Stuck in daily traffic jams, some are already rubbing their hands. Since others will no longer stick them on the asphalt. They will have time from the front seat of their vehicle, stuck in traffic and honking into space at regular intervals, to deliberately confuse warming with disturbance. By making fun of the rain and low temperatures that punctuated the month of June in a Facebook post. While refusing to admit, despite scientific evidence, that the multiplication of these extraordinary meteorological events has any link with climate change. Or by showing screenshots of old newspapers to remind us that in the summer of 1947, there were already heat waves.
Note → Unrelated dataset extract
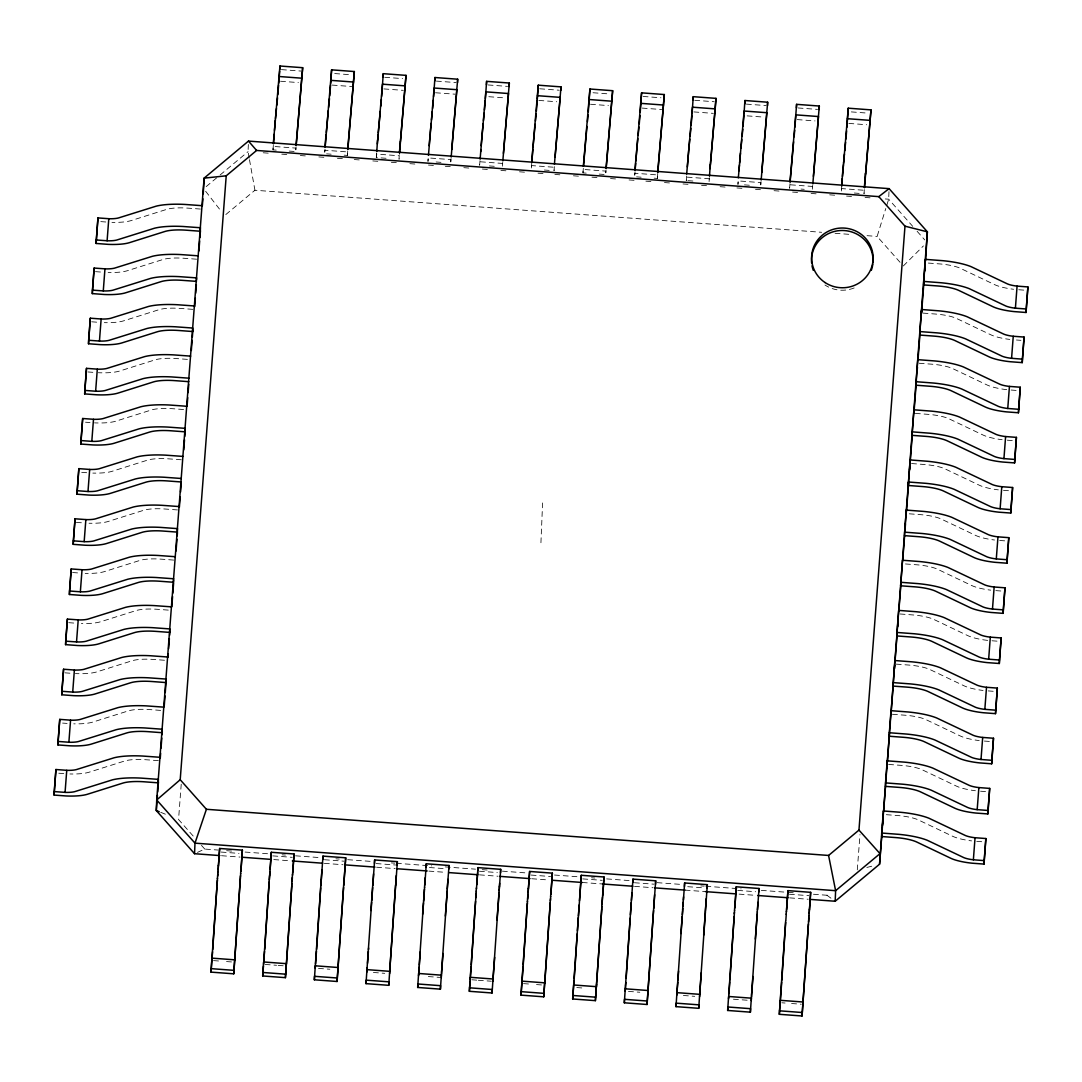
<?xml version="1.0" encoding="UTF-8"?>
<svg xmlns="http://www.w3.org/2000/svg" width="1082" height="1082" viewBox="0 0 1082 1082"><rect width="100%" height="100%" fill="white"/><g stroke="black" fill="none" stroke-linecap="round" stroke-linejoin="round"><path stroke-width="0.75" stroke-dasharray="5 3.75" d="M249.198 158.094L248.049 151.656L248.36 144.109M276.235 150.127L272.989 149.884L273.137 146.408L295.873 148.099L295.724 151.575L296.076 147.044M344.144 155.172L347.39 155.416L347.538 151.926L324.803 150.236L324.654 153.725L331.146 154.199M386.058 158.283L376.32 157.553L376.468 154.077L399.204 155.767L399.055 159.243L399.393 154.712M450.761 161.921L450.856 159.595L428.134 157.904L427.985 161.394L428.323 156.863M540.932 542.745L542.596 502.954M586.214 173.134L582.968 172.89L583.117 169.414L605.852 171.105L605.704 174.581L606.055 170.05M654.123 178.178L657.369 178.422L657.518 174.932L634.782 173.242L634.634 176.731L641.126 177.205M760.741 184.927L760.835 182.601L738.113 180.91L737.965 184.4L738.303 179.869M888.985 191.663L888.674 199.196L886.266 206.96M181.235 784.179L178.544 819.507L194.909 837.982M272.989 149.884L273.34 145.353M324.776 152.21L325.006 149.194M347.39 155.416L347.728 150.885M376.32 157.553L376.671 153.022M450.829 161.57L451.059 158.554M479.989 160.691L479.651 165.221L479.786 161.745L502.521 163.436L502.373 166.912L502.724 162.381M531.776 163.017L531.316 169.062L531.451 165.573L554.187 167.264L554.038 170.753L554.39 166.222M582.968 172.89L583.32 168.359M634.755 175.216L634.985 172.2M657.369 178.422L657.829 172.376M686.651 176.028L686.299 180.559L686.448 177.083L709.183 178.773L709.035 182.249L709.373 177.719M760.808 184.576L761.038 181.56M789.968 183.697L789.63 188.227L789.779 184.751L812.501 186.442L812.366 189.918L812.704 185.387M841.755 186.023L841.296 192.069L841.431 188.579L864.166 190.27L864.018 193.746L864.369 189.228M857.296 869.887L859.987 834.56M900.035 262.277L877.123 236.417L885.779 208.501M903.308 265.969L923.406 245.925M206.189 186.591L218.875 176.001M220.146 174.946L248.049 151.656M225.827 214.547L254.933 190.243L821.63 232.292M813.461 894.246L826.918 895.247L829.448 893.123M197.465 852.386L204.741 849.072L218.185 850.06M866.844 867.453L873.201 865.83M281.428 69.613L300.904 71.06M334.717 73.562L350.947 74.766M384.746 77.282L402.612 78.607M436.411 81.109L455.901 82.557M488.077 84.951L507.566 86.398M539.742 88.778L559.232 90.225M593.031 92.741L609.261 93.945M643.073 96.447L660.926 97.772M694.739 100.288L714.215 101.735M746.391 104.115L765.88 105.563M798.056 107.957L817.546 109.404M851.345 111.906L867.588 113.11M280.536 81.245L298.402 82.57M332.201 85.086L351.691 86.519M383.867 88.913L403.343 90.361M435.532 92.754L455.008 94.188M488.821 96.704L505.051 97.907M538.85 100.423L556.716 101.749M590.515 104.251L608.382 105.576M642.181 108.092L661.67 109.525M693.846 111.919L713.336 113.367M747.135 115.869L763.365 117.072M797.177 119.588L815.03 120.914M848.843 123.416L866.696 124.741M289.232 151.088L294.101 151.453M436.1 161.989L440.969 162.354M489.389 165.952L494.258 166.303M544.3 170.023L549.169 170.388M599.212 174.094L604.081 174.459M687.922 180.68L696.037 181.289M744.457 184.873L749.326 185.238M800.991 189.08L804.237 189.309M854.28 193.029L859.149 193.394M263.21 152.778L269.959 153.279M281.766 154.158L286.811 154.537M300.309 155.537L305.367 155.916M318.852 156.917L323.91 157.282M337.395 158.283L342.453 158.662M354.247 159.541L359.305 159.92M372.803 160.92L379.539 161.421M391.346 162.286L396.404 162.665M409.889 163.666L414.947 164.045M428.431 165.046L433.49 165.424M445.284 166.29L452.033 166.79M463.826 167.669L468.885 168.048M482.383 169.049L487.441 169.428M500.925 170.429L505.984 170.794M519.468 171.795L524.527 172.173M538.011 173.174L543.069 173.553M554.863 174.432L561.612 174.932M573.419 175.798L578.478 176.177M591.962 177.178L597.021 177.556M610.505 178.557L615.563 178.936M629.048 179.937L634.106 180.315M645.9 181.181L652.649 181.681M664.456 182.56L671.192 183.061M682.999 183.94L689.734 184.44M701.542 185.32L706.6 185.685M720.085 186.686L725.143 187.064M736.937 187.943L741.995 188.322M755.493 189.323L762.228 189.823M774.036 190.689L780.771 191.189M792.579 192.069L797.637 192.447M811.121 193.448L816.18 193.827M829.664 194.828L834.722 195.193M846.53 196.072L851.575 196.451M865.073 197.451L871.808 197.952M885.292 198.953L888.674 199.196L912.721 226.341M835.074 233.293L851.899 234.537M867.034 235.673L877.123 236.417M200.413 209.056L187.97 208.136A25.008 6.005 4.4 0 0 166.56 209.421L131.233 220.552A29.228 7.019 4.4 0 1 111.96 222.365M928.37 263.075L939.257 263.886A25.008 6.005 4.4 0 1 960.437 268.35L994.601 284.634A29.228 7.019 4.4 0 0 1013.618 289.273M100.802 221.621L106.807 222.067M1018.771 289.746L1024.762 290.192M196.599 259.193L184.156 258.273A25.008 6.005 4.4 0 0 162.733 259.572L127.419 270.703A29.228 7.019 4.4 0 1 108.132 272.502M923 313.104L935.443 314.037A25.008 6.005 4.4 0 1 956.61 318.487L990.787 334.784A29.228 7.019 4.4 0 0 1009.79 339.423M95.486 271.65L102.979 272.204M1016.444 340.005L1020.935 340.33M192.772 309.344L180.329 308.424A25.008 6.005 4.4 0 0 158.919 309.723L123.591 320.854A29.228 7.019 4.4 0 1 104.318 322.652M919.173 363.254L931.616 364.174A25.008 6.005 4.4 0 1 952.796 368.637L986.96 384.922A29.228 7.019 4.4 0 0 1008.126 389.818M91.672 321.8L99.165 322.355M1011.129 390.034L1018.608 390.588M187.402 359.373L176.515 358.575A25.008 6.005 4.4 0 0 155.091 359.86L119.777 370.991A29.228 7.019 4.4 0 1 98.34 372.722M915.358 413.405L927.801 414.325A25.008 6.005 4.4 0 1 948.968 418.788L983.146 435.072A29.228 7.019 4.4 0 0 1002.148 439.711M87.845 371.951L95.338 372.506M1007.301 440.185L1014.794 440.739M183.575 409.523L172.687 408.712A25.008 6.005 4.4 0 0 151.277 410.01L115.95 421.141A29.228 7.019 4.4 0 1 94.513 422.873M911.531 463.542L923.974 464.476A25.008 6.005 4.4 0 1 945.154 468.925L979.318 485.223A29.228 7.019 4.4 0 0 998.334 489.862M85.519 422.21L90.022 422.535M1003.487 490.335L1010.967 490.89M181.316 459.782L168.873 458.863A25.008 6.005 4.4 0 0 147.45 460.161L112.136 471.292A29.228 7.019 4.4 0 1 92.849 473.091M909.272 513.815L920.16 514.613A25.008 6.005 4.4 0 1 941.326 519.076L975.504 535.36A29.228 7.019 4.4 0 0 994.507 540.013M81.705 472.347L87.696 472.793M999.66 540.473L1005.651 540.919M177.489 509.933L165.046 509.013A25.008 6.005 4.4 0 0 143.636 510.298L108.308 521.429A29.228 7.019 4.4 0 1 89.035 523.242M905.445 563.952L916.332 564.763A25.008 6.005 4.4 0 1 937.512 569.227L971.677 585.511A29.228 7.019 4.4 0 0 990.693 590.15M76.389 522.39L83.882 522.944M995.832 590.623L1001.837 591.07M173.675 560.084L161.232 559.151A25.008 6.005 4.4 0 0 139.808 560.449L104.494 571.58A29.228 7.019 4.4 0 1 85.207 573.392M900.075 613.981L912.518 614.914A25.008 6.005 4.4 0 1 933.685 619.364L967.863 635.661A29.228 7.019 4.4 0 0 989.016 640.544M72.562 572.527L80.054 573.081M992.018 640.774L998.01 641.22M168.292 610.113L157.404 609.301A25.008 6.005 4.4 0 0 135.994 610.6L100.667 621.731A29.228 7.019 4.4 0 1 81.393 623.53M896.248 664.132L908.691 665.051A25.008 6.005 4.4 0 1 929.871 669.515L964.035 685.799A29.228 7.019 4.4 0 0 983.051 690.451M68.748 622.677L76.227 623.232M988.191 690.911L995.683 691.466M164.478 660.25L153.576 659.452A25.008 6.005 4.4 0 0 132.166 660.75L96.853 671.881A29.228 7.019 4.4 0 1 75.415 673.599M892.434 714.282L904.877 715.202A25.008 6.005 4.4 0 1 926.043 719.665L960.221 735.949A29.228 7.019 4.4 0 0 979.224 740.588M64.92 672.828L72.413 673.383M984.377 741.062L991.869 741.616M160.65 710.401L149.762 709.589A25.008 6.005 4.4 0 0 128.352 710.888L93.025 722.019A29.228 7.019 4.4 0 1 73.752 723.831M888.606 764.433L901.049 765.353A25.008 6.005 4.4 0 1 922.229 769.802L956.393 786.1A29.228 7.019 4.4 0 0 975.409 790.739M62.594 723.087L67.098 723.412M980.549 791.212L988.042 791.767M158.391 760.66L145.935 759.74A25.008 6.005 4.4 0 0 124.525 761.038L89.211 772.169A29.228 7.019 4.4 0 1 69.924 773.968M886.347 814.692L897.235 815.503A25.008 6.005 4.4 0 1 918.402 819.953L952.579 836.237A29.228 7.019 4.4 0 0 971.582 840.89M58.78 773.224L64.771 773.671M976.735 841.35L982.727 841.796M226.598 850.695L231.643 851.061M245.1 852.061L268.634 853.806M282.091 854.807L285.445 855.051M295.535 855.808L320.759 857.674M335.893 858.797L339.261 859.054M347.674 859.676L371.207 861.421M391.386 862.922L394.754 863.166M396.431 863.287L431.745 865.911M445.202 866.912L475.471 869.157M482.193 869.658L487.238 870.036M502.373 871.159L527.597 873.025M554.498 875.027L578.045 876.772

I confess to a certain sympathy for this forty activists who went climbing trees in the Ballens forest. Before going to hang themselves elsewhere so as not to be dislodged by the police. This served as a reminder, including to local residents, of what a gravel pit project like this one by 2030: a potential of 18.5 million cubic meters to be dug for which it would be necessary to raze dozens of hectares of forest.

We shout about the latest floods in Morges while noting that the earth is no longer playing its role as a sponge. Our planet is indeed an area to be defended. In the absence of awareness on the part of each person and the individual responsibility that goes with it, some people will have to remind us of this reality from time to time. Like all good whistleblowers who respect themselves.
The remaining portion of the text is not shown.